Block copolymers that self-organize are of interest as templates for patterned media, as they potentially provide a low cost fabrication route. Poly(styrene)-Poly(methylmethacrylate) block co-polymers (PS-b-PMMA) of appropriate block length and PS to PMMA ratio self-assemble into a 2-D hexagonal phase in which the PS majority phase is continuous and surrounds cylinders of the minority, PMMA phase. For application of this phase to patterned media it is necessary that the cylinders of the minority phase be oriented perpendicular to the substrate surface. This can be achieved by a number of methods, including appropriate choice of substrate and use of a random co-polymer underlayer. Appropriate substrates include H-terminated silicon, some carbon coatings and some ITO glasses. Use of an acetic acid wash causes the minority PMMA component can be induced to be rearranged, giving rise to pores perpendicular to the substrate. Electrodeposition of a metal into the pores produces a hardmask which can be used with ion-milling to transfer the block co-polymer pattern onto a magnetic thin film.

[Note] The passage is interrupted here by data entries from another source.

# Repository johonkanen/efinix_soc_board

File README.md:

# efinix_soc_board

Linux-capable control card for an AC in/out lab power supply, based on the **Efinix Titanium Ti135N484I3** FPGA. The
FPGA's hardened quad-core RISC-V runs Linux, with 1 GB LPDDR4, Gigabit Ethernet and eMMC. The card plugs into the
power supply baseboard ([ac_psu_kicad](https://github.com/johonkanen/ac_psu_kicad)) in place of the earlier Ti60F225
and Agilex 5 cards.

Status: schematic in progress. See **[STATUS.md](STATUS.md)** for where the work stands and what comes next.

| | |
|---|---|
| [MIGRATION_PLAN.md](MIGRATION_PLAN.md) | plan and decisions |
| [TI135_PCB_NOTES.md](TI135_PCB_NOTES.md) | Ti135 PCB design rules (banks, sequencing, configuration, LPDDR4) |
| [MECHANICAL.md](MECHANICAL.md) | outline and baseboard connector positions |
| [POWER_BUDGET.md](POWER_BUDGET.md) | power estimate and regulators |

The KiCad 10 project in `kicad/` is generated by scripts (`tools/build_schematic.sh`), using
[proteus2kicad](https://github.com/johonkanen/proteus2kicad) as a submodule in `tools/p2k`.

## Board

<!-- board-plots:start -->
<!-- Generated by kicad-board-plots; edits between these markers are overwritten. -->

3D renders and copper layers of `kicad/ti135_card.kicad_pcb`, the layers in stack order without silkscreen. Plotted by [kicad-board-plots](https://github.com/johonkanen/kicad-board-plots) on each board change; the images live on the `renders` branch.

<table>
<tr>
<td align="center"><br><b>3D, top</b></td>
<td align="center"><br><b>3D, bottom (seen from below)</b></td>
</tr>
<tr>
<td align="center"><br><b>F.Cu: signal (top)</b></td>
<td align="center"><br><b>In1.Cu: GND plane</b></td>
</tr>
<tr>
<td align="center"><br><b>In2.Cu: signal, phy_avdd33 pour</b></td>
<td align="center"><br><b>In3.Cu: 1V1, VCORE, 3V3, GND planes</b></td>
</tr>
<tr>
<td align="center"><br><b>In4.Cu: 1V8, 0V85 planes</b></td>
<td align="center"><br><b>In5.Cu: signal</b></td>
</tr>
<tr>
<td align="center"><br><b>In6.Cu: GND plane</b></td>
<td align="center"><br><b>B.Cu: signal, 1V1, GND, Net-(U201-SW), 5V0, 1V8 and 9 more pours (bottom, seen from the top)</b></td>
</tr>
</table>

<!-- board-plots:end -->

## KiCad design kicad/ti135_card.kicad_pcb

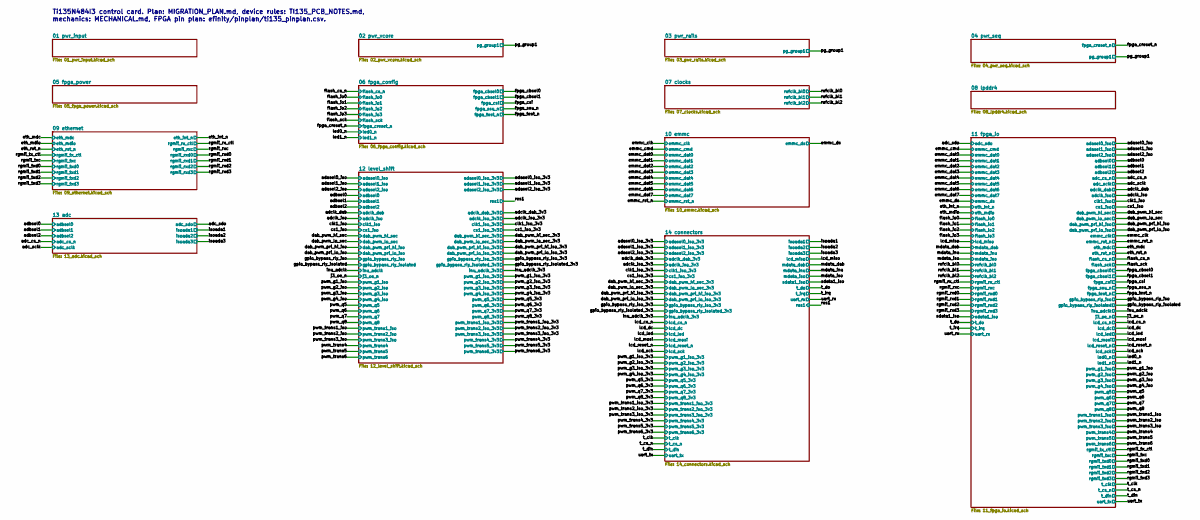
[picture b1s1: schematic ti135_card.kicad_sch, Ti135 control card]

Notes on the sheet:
Ti135N484I3 control card. Plan: MIGRATION_PLAN.md, device rules: TI135_PCB_NOTES.md, mechanics: MECHANICAL.md, FPGA pin plan: efinity/pinplan/ti135_pinplan.csv.

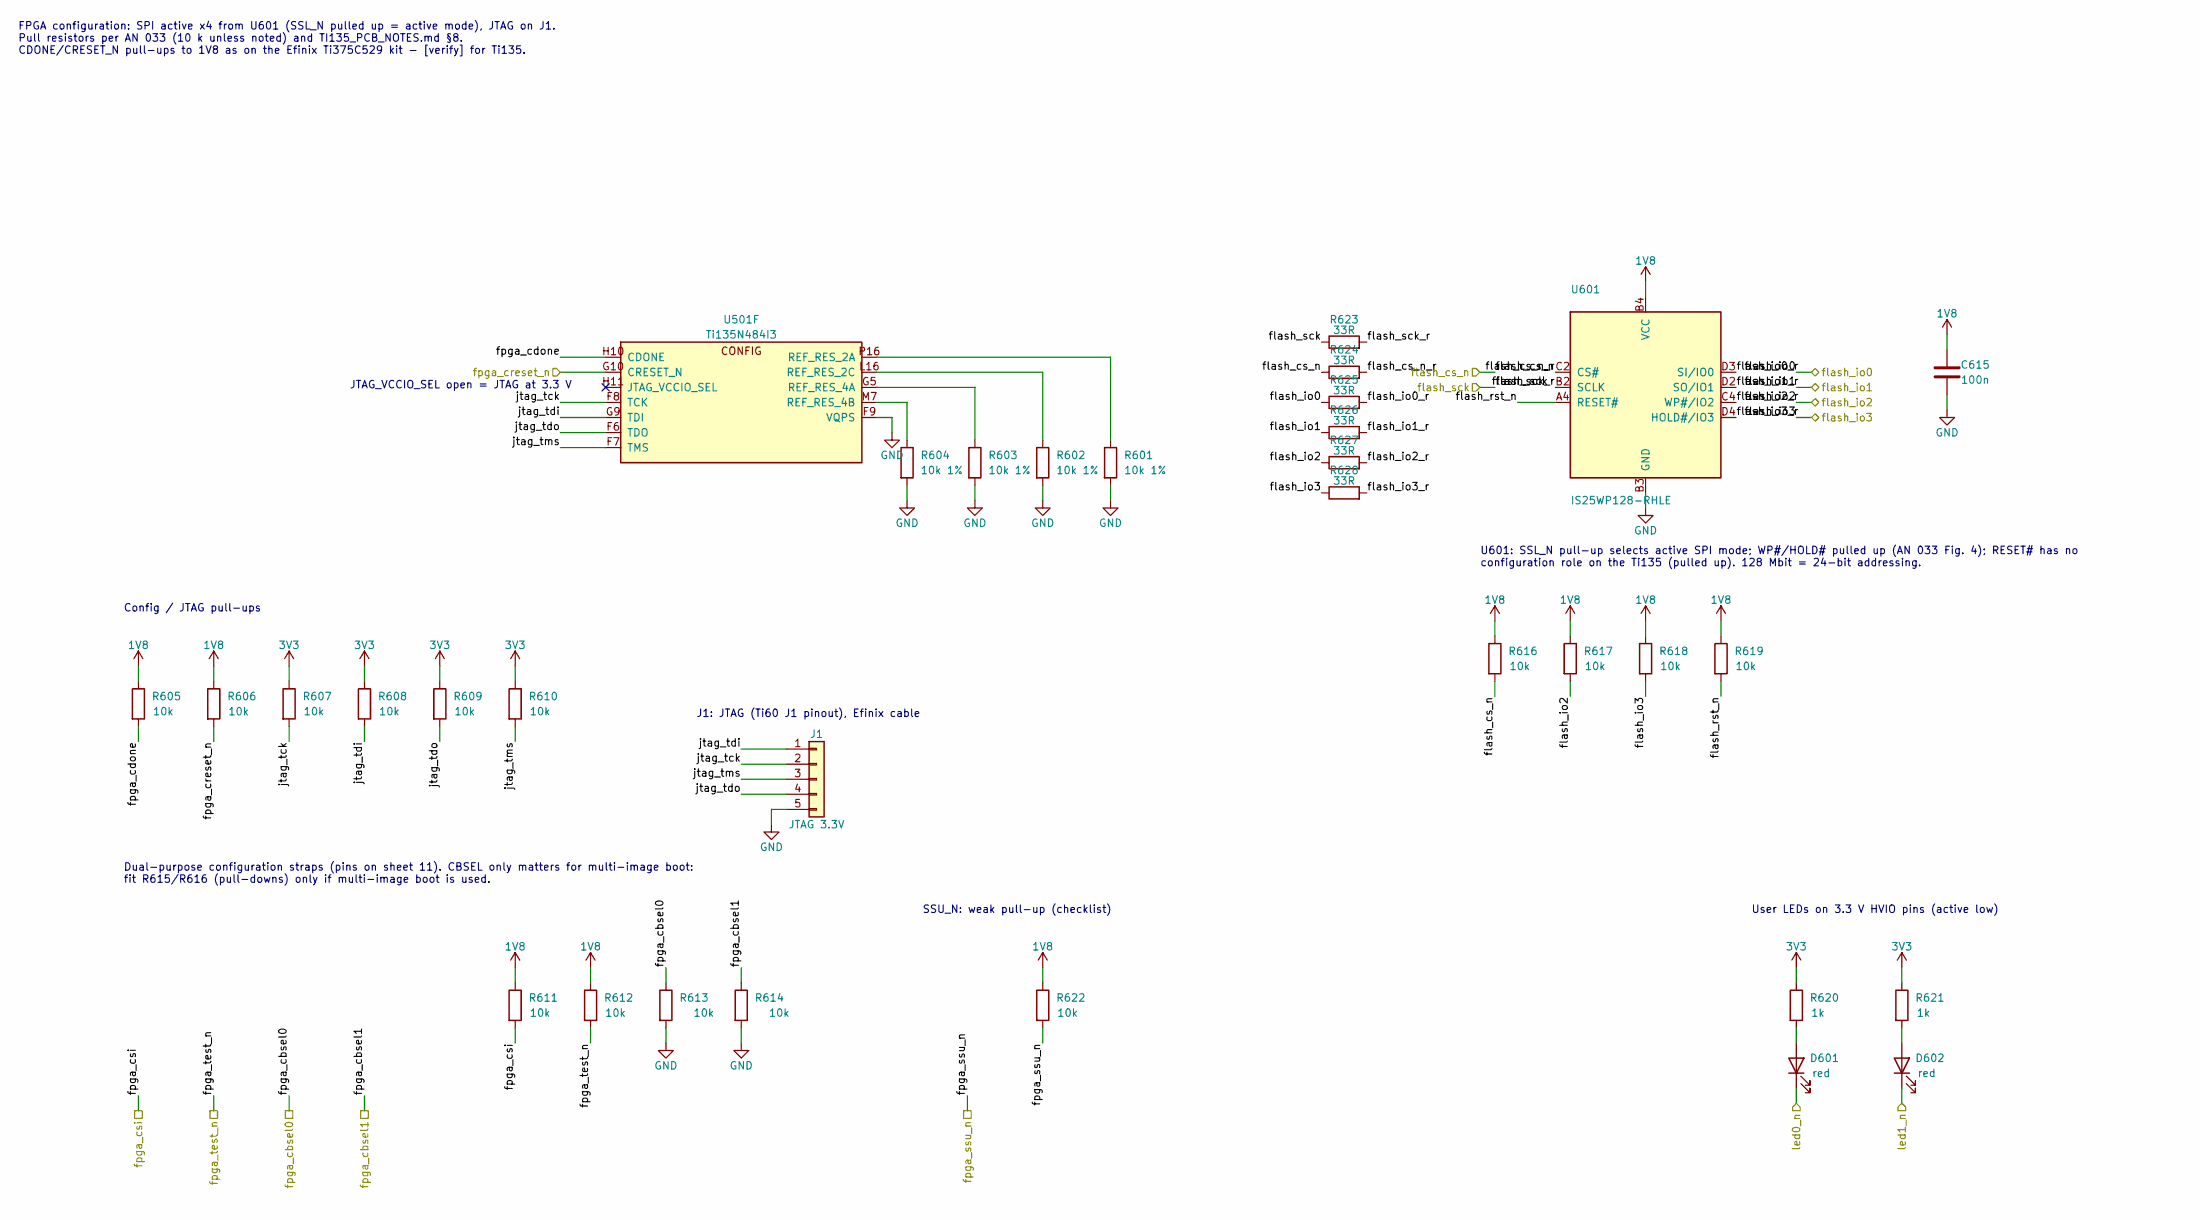
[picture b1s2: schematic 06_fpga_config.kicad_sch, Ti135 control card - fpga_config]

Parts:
C615: 100n; C_0201_0603Metric; LCSC C190183
D601, D602: red; LED_0603_1608Metric; LCSC C2286
J1: JTAG 3.3V; PinHeader_1x05_P2.54mm_Vertical; LCSC C492404
R601: 10k 1%; R_0201_0603Metric; LCSC C106225
R602, R603, R604: 10k 1%; R_0402_1005Metric; LCSC C25744
R605, R606, R607, R608, R609, R610, R611, R612, R613, R614, R616, R617, R618, R619, R622: 10k; R_0201_0603Metric; LCSC C473048
R620, R621: 1k; R_0402_1005Metric; LCSC C11702
R623, R624, R625, R626, R627, R628: 33R; R_0201_0603Metric; LCSC C320843
U501: Ti135N484I3; LFBGA-484_18x18mm_Layout22x22_P0.8mm
U601: IS25WP128-RHLE; MX25U25645G_CSP24_6x8mm_P1.0mm; LCSC C1349419

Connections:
1V8: C615.1, R605.1, R606.1, R611.1, R612.1, R616.1, R617.1, R618.1, R619.1, R622.1, U601.B4 (VCC); also elsewhere on the board
3V3: R607.1, R608.1, R609.1, R610.1, R620.1, R621.1; also elsewhere on the board
/06 fpga_config/flash_cs_n_r: R624.2, U601.C2 (CS#)
/06 fpga_config/flash_io0_r: R625.2, U601.D3 (SI/IO0)
/06 fpga_config/flash_io1_r: R626.2, U601.D2 (SO/IO1)
/06 fpga_config/flash_io2_r: R627.2, U601.C4 (WP#/IO2)
/06 fpga_config/flash_io3_r: R628.2, U601.D4 (HOLD#/IO3)
/06 fpga_config/flash_rst_n: R619.2, U601.A4 (RESET#)
/06 fpga_config/flash_sck_r: R623.2, U601.B2 (SCLK)
/06 fpga_config/fpga_cdone: R605.2, U501.H10 (CDONE)
/06 fpga_config/jtag_tck: J1.2, R607.2, U501.F8 (TCK)
/06 fpga_config/jtag_tdi: J1.1, R608.2, U501.G9 (TDI)
/06 fpga_config/jtag_tdo: J1.4, R609.2, U501.F6 (TDO)
/06 fpga_config/jtag_tms: J1.3, R610.2, U501.F7 (TMS)
/flash_cs_n: R616.2, R624.1; also elsewhere on the board
/flash_io0: R625.1; also elsewhere on the board
/flash_io1: R626.1; also elsewhere on the board
/flash_io2: R617.2, R627.1; also elsewhere on the board
/flash_io3: R618.2, R628.1; also elsewhere on the board
/flash_sck: R623.1; also elsewhere on the board
/fpga_cbsel0: R613.1; also elsewhere on the board
/fpga_cbsel1: R614.1; also elsewhere on the board
/fpga_creset_n: R606.2, U501.G10 (CRESET_N); also elsewhere on the board
/fpga_csi: R611.2; also elsewhere on the board
/fpga_ssu_n: R622.2; also elsewhere on the board
/fpga_test_n: R612.2; also elsewhere on the board
/led0_n: D601.1 (K); also elsewhere on the board
/led1_n: D602.1 (K); also elsewhere on the board
GND: C615.2, J1.5, R601.2, R602.2, R603.2, R604.2, R613.2, R614.2, U501.F9 (VQPS), U601.B3 (GND); also elsewhere on the board
unnamed: D601.2 (A), R620.2
unnamed: D602.2 (A), R621.2
unnamed: R601.1, U501.P16 (REF_RES_2A)
unnamed: R602.1, U501.L16 (REF_RES_2C)
unnamed: R603.1, U501.G5 (REF_RES_4A)
unnamed: R604.1, U501.M7 (REF_RES_4B)

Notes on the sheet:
Config / JTAG pull-ups
User LEDs on 3.3 V HVIO pins (active low)
JTAG_VCCIO_SEL open = JTAG at 3.3 V
SSU_N: weak pull-up (checklist)
U601: SSL_N pull-up selects active SPI mode; WP#/HOLD# pulled up (AN 033 Fig. 4); RESET# has no configuration role on the Ti135 (pulled up). 128 Mbit = 24-bit addressing.
J1: JTAG (Ti60 J1 pinout), Efinix cable
Dual-purpose configuration straps (pins on sheet 11). CBSEL only matters for multi-image boot: fit R615/R616 (pull-downs) only if multi-image boot is used.
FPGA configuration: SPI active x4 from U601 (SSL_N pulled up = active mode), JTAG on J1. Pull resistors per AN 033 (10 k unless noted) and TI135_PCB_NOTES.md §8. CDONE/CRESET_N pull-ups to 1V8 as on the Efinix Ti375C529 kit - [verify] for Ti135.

Poly(styrene)-Poly(methylmethacrylate) block co-polymers (PS-b-PMMA) of appropriate block length and PS to PMMA ratio self-assemble into a 2-D hexagonal phase in which the PS majority phase is continuous and surrounds cylinders of the minority, PMMA phase. By UV irradiation and washing with acetic acid it is possible to remove the minority phase to leave empty channels. It is also possible to rearrange the PMMA phase with acetic acid to leave somewhat smaller pores. For most substrates the interactions between the polymer and the substrate surface are such that one block is preferentially adsorbed to the substrate resulting in alignment of the PMMA domains parallel to the substrate surface. It is possible to orient the polymer perpendicular to the surface by first adding a thin film of a random PS-PMMA co-polymer before applying the PS-b-PMMA block co-polymer. However thin films of the random PS-PMMA do not give good surface coatings, and thicker films are generally too thick for the pores in the PS-b-PMMA block co-polymer to be propagated to the substrate surface. For a few substrates, thin PS-b-PMMA films naturally adopt a perpendicular orientation after annealing, washing with acetic acid produces arrays of pores of diameter as small as 3 nm. For a number of other substrates the interaction between the polymer blocks and the surface is such that upon annealing the polymer rearranges to form micron sized domains which are not polymer coated, surrounded a areas which have a thicker polymer coating. We have observed this behavior with both carbon coated substrates and with ITO glass substrates. In both cases the areas of polymer are perpendicularly oriented, and upon washing with acetic acid give rise to pores that extend completely through the polymer film. In some cases films on ITO glass are continuous even after annealing. After washing with acetic acid it was possible to electrodeposit nickel into the pores to give nickel nano-pillars of 18 nm diameter.